Task prompt » Could you return every line of the records below that contains the word "highlighted"?

Source records »
=== Section Start ===

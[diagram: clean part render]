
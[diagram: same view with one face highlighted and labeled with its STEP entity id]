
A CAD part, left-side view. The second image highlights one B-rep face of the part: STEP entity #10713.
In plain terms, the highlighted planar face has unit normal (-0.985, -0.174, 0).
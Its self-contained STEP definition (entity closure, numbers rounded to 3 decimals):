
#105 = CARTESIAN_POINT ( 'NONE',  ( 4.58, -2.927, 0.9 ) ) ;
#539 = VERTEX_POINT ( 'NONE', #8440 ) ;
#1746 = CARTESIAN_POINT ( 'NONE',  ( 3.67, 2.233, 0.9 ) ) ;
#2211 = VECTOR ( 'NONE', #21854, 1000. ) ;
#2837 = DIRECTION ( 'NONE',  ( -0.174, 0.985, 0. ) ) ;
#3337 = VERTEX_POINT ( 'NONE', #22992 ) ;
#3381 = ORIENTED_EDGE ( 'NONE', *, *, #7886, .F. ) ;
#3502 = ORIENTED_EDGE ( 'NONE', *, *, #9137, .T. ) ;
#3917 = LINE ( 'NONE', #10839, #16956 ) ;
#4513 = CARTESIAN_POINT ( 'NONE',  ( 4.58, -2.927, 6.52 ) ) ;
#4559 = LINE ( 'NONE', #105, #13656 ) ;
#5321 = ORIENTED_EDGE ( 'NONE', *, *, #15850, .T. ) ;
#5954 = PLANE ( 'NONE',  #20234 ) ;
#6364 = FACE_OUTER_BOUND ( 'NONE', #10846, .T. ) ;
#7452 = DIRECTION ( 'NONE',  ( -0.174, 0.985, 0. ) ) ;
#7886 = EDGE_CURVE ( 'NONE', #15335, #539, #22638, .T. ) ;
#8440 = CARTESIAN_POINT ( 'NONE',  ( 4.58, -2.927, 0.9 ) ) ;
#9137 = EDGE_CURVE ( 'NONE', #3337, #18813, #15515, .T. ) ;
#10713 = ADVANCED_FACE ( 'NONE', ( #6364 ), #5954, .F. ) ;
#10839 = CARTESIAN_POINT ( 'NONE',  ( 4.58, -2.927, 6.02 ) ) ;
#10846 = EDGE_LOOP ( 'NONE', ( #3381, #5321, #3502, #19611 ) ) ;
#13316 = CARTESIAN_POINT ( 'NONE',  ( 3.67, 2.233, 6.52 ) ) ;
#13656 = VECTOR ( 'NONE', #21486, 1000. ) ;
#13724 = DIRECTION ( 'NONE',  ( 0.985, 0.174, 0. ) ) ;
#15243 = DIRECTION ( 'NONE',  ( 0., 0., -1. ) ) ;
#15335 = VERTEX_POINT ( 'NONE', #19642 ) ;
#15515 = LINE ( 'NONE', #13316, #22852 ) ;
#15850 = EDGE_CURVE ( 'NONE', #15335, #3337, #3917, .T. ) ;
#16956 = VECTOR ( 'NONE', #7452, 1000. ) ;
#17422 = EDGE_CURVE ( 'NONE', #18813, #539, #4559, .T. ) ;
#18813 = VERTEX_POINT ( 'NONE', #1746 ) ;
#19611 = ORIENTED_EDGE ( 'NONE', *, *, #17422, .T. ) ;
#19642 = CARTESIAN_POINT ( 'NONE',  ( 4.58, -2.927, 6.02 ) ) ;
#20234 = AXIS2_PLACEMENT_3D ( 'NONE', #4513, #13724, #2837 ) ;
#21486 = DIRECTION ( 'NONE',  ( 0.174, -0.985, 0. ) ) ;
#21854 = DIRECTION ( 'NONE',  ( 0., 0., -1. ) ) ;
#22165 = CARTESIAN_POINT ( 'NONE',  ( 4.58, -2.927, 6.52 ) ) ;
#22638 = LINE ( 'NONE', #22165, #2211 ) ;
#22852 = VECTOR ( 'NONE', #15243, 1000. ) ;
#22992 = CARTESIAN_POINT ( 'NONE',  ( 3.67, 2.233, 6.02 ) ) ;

=== Section End ===

Answer to this problem »
[diagram: same view with one face highlighted and labeled with its STEP entity id]
In plain terms, the highlighted planar face has unit normal (-0.985, -0.174, 0).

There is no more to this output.